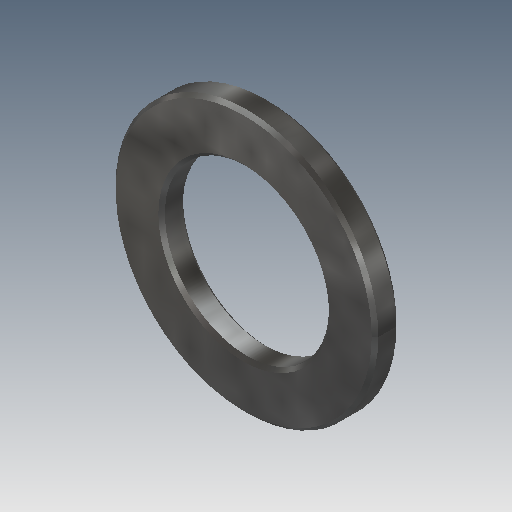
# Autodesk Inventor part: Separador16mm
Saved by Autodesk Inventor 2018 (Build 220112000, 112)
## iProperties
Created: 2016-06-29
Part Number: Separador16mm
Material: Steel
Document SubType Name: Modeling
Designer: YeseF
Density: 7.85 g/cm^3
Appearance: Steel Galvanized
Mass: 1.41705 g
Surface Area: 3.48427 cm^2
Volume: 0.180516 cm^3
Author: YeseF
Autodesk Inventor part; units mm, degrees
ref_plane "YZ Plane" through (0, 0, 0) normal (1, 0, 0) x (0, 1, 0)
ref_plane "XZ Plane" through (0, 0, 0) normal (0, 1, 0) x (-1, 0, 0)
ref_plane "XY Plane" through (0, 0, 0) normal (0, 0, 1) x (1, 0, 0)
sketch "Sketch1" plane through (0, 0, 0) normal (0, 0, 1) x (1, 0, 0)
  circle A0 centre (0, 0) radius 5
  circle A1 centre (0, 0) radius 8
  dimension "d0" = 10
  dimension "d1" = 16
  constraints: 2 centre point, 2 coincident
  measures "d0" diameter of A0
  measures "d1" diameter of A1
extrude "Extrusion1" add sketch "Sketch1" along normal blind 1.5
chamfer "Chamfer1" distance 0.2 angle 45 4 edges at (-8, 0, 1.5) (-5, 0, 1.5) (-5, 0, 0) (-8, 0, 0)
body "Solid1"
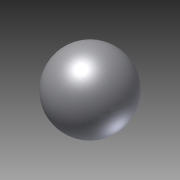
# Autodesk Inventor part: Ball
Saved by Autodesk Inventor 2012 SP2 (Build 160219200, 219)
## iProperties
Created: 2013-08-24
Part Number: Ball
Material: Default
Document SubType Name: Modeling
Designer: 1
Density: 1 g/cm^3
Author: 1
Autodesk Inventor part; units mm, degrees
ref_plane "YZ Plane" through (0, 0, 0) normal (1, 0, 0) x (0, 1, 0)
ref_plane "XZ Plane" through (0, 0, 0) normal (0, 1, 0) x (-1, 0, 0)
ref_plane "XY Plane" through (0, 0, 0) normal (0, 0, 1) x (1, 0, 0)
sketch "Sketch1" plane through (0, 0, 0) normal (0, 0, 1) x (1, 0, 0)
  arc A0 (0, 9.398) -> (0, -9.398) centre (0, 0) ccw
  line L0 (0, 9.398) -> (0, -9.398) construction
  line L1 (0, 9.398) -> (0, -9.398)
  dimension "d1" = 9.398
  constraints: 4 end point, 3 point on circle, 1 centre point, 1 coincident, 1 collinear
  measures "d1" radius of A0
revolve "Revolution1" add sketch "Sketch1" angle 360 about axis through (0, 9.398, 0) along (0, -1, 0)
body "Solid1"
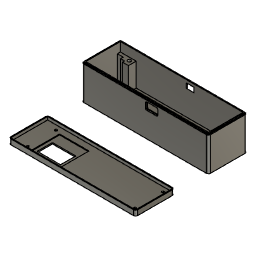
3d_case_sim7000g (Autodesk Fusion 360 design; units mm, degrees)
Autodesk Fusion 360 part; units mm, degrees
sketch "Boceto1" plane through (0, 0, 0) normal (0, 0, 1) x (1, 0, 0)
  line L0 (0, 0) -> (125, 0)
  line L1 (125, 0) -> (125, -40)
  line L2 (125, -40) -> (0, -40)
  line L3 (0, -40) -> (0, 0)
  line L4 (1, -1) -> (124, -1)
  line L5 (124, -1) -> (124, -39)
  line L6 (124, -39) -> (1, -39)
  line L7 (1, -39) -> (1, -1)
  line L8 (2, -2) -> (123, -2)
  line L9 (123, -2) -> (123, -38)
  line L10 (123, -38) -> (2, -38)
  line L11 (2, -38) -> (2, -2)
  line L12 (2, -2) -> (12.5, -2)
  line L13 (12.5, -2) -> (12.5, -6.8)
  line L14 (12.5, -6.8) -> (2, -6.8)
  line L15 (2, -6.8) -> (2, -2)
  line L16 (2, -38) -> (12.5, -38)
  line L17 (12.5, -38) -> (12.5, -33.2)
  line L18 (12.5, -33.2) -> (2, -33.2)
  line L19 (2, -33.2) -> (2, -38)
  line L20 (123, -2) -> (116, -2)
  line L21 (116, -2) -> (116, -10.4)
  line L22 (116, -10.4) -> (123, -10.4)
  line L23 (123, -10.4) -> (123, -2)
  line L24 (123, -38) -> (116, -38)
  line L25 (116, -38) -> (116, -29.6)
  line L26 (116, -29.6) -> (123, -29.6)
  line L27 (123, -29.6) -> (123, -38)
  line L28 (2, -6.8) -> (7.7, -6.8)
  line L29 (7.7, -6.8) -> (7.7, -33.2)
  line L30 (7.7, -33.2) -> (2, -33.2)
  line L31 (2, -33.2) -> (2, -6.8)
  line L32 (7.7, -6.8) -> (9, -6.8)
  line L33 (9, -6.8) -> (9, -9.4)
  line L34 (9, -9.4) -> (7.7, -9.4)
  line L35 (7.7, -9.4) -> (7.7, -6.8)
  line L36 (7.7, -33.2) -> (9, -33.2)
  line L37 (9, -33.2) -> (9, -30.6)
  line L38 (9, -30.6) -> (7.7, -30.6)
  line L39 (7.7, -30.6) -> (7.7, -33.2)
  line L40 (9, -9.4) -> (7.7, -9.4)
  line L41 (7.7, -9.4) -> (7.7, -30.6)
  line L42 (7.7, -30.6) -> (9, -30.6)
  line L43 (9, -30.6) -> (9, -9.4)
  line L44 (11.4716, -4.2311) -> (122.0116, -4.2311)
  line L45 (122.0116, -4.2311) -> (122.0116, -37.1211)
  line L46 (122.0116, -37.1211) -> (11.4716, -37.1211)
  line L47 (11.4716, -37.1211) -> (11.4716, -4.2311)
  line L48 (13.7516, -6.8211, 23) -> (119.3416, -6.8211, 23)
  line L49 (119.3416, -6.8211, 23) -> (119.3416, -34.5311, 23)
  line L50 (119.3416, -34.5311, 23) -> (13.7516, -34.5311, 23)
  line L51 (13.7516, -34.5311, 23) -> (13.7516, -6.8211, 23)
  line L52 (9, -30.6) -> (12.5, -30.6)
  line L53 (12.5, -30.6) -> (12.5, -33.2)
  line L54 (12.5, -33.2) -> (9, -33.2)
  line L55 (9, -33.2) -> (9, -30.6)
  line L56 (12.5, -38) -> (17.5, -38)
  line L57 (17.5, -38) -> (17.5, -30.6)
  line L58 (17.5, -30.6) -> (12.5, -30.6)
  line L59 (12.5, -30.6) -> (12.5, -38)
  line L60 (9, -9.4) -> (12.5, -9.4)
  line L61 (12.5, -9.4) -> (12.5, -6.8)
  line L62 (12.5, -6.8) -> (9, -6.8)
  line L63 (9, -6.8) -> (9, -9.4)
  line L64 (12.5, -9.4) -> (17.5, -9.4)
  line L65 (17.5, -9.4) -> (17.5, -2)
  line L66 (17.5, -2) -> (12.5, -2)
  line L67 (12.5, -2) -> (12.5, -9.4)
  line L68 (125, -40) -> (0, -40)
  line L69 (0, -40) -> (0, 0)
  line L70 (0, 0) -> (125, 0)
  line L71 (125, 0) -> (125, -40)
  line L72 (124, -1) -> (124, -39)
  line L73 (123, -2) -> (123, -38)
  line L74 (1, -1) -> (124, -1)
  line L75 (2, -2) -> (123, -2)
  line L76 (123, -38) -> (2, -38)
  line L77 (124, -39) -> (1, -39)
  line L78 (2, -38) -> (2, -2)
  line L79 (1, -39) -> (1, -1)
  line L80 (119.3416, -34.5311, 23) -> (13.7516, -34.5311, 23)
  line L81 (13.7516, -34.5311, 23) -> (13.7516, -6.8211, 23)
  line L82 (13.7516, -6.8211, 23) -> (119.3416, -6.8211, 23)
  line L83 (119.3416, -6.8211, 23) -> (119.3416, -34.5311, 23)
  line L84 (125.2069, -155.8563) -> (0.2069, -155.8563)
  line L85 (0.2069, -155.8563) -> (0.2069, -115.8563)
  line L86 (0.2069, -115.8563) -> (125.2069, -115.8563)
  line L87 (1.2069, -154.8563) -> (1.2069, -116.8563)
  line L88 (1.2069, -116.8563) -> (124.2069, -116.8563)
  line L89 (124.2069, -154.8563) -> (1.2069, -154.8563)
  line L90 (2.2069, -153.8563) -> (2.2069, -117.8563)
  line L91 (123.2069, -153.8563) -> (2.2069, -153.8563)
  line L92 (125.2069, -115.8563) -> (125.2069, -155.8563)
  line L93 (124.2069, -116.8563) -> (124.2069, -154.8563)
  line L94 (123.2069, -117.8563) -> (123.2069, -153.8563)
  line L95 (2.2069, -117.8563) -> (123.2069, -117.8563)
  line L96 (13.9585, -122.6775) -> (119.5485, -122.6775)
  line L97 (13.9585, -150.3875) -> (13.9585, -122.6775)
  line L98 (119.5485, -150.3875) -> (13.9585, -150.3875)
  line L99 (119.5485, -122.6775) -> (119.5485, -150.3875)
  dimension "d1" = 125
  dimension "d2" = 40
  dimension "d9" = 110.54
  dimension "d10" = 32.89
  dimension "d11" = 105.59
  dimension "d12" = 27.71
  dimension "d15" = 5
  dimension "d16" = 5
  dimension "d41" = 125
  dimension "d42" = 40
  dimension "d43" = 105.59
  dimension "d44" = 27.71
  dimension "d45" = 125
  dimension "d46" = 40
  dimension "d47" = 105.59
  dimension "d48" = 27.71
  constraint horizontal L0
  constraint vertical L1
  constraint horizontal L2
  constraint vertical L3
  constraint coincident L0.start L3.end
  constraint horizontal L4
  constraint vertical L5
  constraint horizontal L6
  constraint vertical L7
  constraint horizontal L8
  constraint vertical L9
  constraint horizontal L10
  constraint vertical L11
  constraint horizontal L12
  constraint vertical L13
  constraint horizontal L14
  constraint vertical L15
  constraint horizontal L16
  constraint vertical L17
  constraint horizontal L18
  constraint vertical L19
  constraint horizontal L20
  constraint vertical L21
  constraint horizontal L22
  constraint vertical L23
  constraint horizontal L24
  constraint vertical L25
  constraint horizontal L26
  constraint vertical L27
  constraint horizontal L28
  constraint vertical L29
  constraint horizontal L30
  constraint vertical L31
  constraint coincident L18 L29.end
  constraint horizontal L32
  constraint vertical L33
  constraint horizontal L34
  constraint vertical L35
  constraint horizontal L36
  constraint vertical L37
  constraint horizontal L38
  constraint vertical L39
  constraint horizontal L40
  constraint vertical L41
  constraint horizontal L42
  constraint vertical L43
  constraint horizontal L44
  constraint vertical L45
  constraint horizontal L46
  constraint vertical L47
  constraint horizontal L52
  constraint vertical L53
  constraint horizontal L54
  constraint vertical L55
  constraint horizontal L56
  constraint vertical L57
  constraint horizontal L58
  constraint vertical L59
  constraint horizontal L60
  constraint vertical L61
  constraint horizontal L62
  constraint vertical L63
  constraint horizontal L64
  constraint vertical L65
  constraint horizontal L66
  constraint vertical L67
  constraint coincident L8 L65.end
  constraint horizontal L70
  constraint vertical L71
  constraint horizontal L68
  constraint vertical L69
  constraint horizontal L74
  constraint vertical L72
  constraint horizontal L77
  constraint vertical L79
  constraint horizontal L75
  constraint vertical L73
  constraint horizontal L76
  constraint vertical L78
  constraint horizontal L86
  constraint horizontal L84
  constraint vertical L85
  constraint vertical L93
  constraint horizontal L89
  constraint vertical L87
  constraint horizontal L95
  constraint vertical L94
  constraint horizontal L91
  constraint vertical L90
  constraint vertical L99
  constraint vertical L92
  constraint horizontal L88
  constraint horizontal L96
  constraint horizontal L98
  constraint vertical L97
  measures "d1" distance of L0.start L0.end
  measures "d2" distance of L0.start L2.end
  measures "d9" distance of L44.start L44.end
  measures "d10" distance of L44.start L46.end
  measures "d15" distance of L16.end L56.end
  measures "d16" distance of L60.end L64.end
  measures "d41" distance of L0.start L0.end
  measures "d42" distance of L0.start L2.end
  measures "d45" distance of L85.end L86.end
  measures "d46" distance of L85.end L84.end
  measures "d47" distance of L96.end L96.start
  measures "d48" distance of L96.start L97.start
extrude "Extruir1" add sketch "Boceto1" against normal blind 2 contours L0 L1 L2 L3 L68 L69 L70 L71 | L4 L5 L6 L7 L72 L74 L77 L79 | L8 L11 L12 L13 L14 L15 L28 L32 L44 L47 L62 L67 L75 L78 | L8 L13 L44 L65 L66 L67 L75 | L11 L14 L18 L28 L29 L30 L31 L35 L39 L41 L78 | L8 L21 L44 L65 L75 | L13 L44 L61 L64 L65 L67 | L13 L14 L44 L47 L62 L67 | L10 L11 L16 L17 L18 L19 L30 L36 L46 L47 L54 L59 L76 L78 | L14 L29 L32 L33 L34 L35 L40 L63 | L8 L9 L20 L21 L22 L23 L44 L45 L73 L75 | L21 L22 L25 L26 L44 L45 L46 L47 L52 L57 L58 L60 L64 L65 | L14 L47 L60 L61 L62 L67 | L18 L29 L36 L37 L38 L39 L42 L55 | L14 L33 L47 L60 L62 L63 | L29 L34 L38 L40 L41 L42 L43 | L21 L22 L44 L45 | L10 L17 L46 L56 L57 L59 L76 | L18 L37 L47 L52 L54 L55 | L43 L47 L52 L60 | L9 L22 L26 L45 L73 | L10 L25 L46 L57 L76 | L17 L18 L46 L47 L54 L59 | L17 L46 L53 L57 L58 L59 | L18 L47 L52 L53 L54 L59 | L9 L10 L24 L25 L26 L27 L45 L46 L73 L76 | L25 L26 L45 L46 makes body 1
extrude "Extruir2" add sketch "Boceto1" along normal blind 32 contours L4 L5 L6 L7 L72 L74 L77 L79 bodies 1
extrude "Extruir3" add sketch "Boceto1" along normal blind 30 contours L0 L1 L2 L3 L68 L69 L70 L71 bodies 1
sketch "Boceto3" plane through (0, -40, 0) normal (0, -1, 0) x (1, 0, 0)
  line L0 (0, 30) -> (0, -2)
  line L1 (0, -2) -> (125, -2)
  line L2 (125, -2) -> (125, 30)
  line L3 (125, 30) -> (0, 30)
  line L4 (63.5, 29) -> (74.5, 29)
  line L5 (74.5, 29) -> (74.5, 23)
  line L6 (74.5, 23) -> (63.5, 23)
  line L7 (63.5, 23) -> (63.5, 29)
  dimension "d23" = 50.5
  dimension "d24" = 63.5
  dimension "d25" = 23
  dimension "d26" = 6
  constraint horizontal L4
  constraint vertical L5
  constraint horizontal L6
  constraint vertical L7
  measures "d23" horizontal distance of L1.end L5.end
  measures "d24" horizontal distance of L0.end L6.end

> [TASK OBJECTIVE]: Output only the count of lines in the data containing "extrude".

> [THE COMPLETED TASK]: 4